PROBLEM TO WORK ON: Find every line in the records below that holds the word "diameter", and copy it out.

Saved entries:
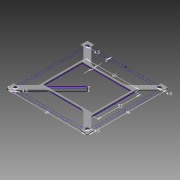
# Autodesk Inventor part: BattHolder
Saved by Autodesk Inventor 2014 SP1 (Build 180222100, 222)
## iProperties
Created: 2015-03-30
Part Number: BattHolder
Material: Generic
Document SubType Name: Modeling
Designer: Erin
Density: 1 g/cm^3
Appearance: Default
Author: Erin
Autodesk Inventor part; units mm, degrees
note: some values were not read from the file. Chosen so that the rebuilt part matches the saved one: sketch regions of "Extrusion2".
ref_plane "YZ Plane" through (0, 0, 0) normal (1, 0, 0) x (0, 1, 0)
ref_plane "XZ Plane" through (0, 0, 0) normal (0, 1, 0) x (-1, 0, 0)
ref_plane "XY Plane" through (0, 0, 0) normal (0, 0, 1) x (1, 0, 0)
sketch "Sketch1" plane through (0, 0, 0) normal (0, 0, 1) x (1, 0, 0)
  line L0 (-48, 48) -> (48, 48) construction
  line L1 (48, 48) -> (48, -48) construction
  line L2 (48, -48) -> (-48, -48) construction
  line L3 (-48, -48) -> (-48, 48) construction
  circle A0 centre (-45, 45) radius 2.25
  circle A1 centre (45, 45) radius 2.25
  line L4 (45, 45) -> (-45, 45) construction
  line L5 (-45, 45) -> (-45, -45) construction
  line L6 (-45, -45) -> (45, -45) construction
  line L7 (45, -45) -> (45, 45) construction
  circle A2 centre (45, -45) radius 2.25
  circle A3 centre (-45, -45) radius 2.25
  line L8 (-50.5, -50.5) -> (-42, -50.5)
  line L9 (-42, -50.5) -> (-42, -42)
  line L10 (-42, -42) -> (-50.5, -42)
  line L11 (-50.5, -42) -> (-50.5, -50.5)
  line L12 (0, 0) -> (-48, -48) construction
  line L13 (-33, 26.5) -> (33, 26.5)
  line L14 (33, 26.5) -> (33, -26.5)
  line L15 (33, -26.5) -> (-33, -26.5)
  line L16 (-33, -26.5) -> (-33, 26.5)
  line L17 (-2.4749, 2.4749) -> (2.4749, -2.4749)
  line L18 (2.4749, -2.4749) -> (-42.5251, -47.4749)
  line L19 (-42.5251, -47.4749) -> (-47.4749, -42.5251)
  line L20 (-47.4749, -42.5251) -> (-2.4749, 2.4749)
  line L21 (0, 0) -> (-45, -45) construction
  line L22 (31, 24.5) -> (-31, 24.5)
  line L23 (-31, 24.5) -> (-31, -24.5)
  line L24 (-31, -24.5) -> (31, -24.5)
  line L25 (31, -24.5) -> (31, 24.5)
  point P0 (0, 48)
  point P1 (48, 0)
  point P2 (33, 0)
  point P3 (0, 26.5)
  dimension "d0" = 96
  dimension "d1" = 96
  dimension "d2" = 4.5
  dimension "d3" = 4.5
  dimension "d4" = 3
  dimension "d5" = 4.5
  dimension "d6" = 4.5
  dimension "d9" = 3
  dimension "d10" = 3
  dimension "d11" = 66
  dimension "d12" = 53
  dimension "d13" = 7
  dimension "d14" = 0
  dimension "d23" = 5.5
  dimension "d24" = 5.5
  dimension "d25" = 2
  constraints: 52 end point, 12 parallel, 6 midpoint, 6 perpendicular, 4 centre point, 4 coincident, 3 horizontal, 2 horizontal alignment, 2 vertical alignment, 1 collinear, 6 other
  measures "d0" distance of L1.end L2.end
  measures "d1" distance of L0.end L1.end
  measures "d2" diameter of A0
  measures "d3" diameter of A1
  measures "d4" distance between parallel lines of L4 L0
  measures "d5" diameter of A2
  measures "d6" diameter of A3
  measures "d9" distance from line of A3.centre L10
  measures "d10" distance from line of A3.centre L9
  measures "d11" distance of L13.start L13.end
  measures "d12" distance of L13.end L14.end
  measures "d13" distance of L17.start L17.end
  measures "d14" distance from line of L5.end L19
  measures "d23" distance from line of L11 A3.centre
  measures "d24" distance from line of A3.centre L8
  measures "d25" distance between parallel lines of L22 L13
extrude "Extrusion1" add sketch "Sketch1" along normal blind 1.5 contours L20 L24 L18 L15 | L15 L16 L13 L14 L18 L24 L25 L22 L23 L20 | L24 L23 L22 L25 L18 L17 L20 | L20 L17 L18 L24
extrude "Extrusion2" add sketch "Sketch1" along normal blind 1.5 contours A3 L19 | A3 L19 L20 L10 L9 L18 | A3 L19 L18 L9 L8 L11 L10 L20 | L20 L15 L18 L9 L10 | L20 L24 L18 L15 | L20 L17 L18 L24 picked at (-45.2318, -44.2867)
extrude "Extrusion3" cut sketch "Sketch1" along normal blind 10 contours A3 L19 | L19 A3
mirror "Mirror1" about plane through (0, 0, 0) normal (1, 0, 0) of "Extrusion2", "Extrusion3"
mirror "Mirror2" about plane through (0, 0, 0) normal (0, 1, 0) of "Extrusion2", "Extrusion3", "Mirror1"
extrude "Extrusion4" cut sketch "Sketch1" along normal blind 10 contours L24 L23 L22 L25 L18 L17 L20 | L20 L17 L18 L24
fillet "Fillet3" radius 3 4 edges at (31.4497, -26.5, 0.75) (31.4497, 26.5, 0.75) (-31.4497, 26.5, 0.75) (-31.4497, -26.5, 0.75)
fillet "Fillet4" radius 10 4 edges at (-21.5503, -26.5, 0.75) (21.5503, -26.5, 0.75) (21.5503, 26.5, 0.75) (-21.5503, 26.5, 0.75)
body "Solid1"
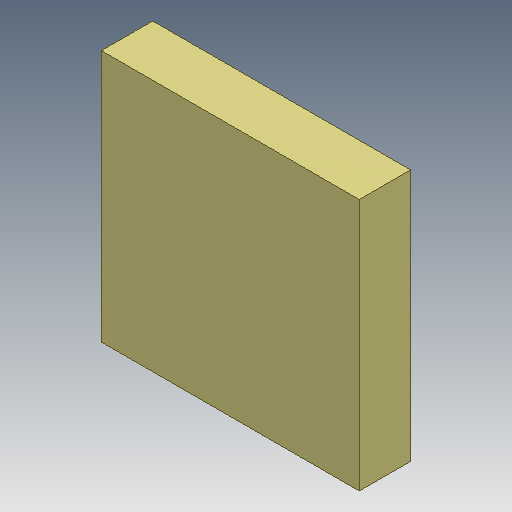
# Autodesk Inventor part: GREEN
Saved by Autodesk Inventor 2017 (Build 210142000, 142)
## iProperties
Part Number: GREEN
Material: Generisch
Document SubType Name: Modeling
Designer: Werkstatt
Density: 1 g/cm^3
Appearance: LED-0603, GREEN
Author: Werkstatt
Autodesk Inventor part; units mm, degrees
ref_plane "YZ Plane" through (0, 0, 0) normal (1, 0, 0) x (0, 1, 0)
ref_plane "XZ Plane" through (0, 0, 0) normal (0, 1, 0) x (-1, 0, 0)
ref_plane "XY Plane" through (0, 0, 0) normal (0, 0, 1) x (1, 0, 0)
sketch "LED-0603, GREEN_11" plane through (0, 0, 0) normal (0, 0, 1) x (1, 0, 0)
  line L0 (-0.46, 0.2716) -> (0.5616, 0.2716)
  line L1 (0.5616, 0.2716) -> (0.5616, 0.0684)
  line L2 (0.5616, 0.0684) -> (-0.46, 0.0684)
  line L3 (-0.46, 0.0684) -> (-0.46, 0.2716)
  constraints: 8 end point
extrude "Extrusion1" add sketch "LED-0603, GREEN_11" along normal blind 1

COMPLETED TASK:
  measures "d2" diameter of A0
  measures "d3" diameter of A1
  measures "d5" diameter of A2
  measures "d6" diameter of A3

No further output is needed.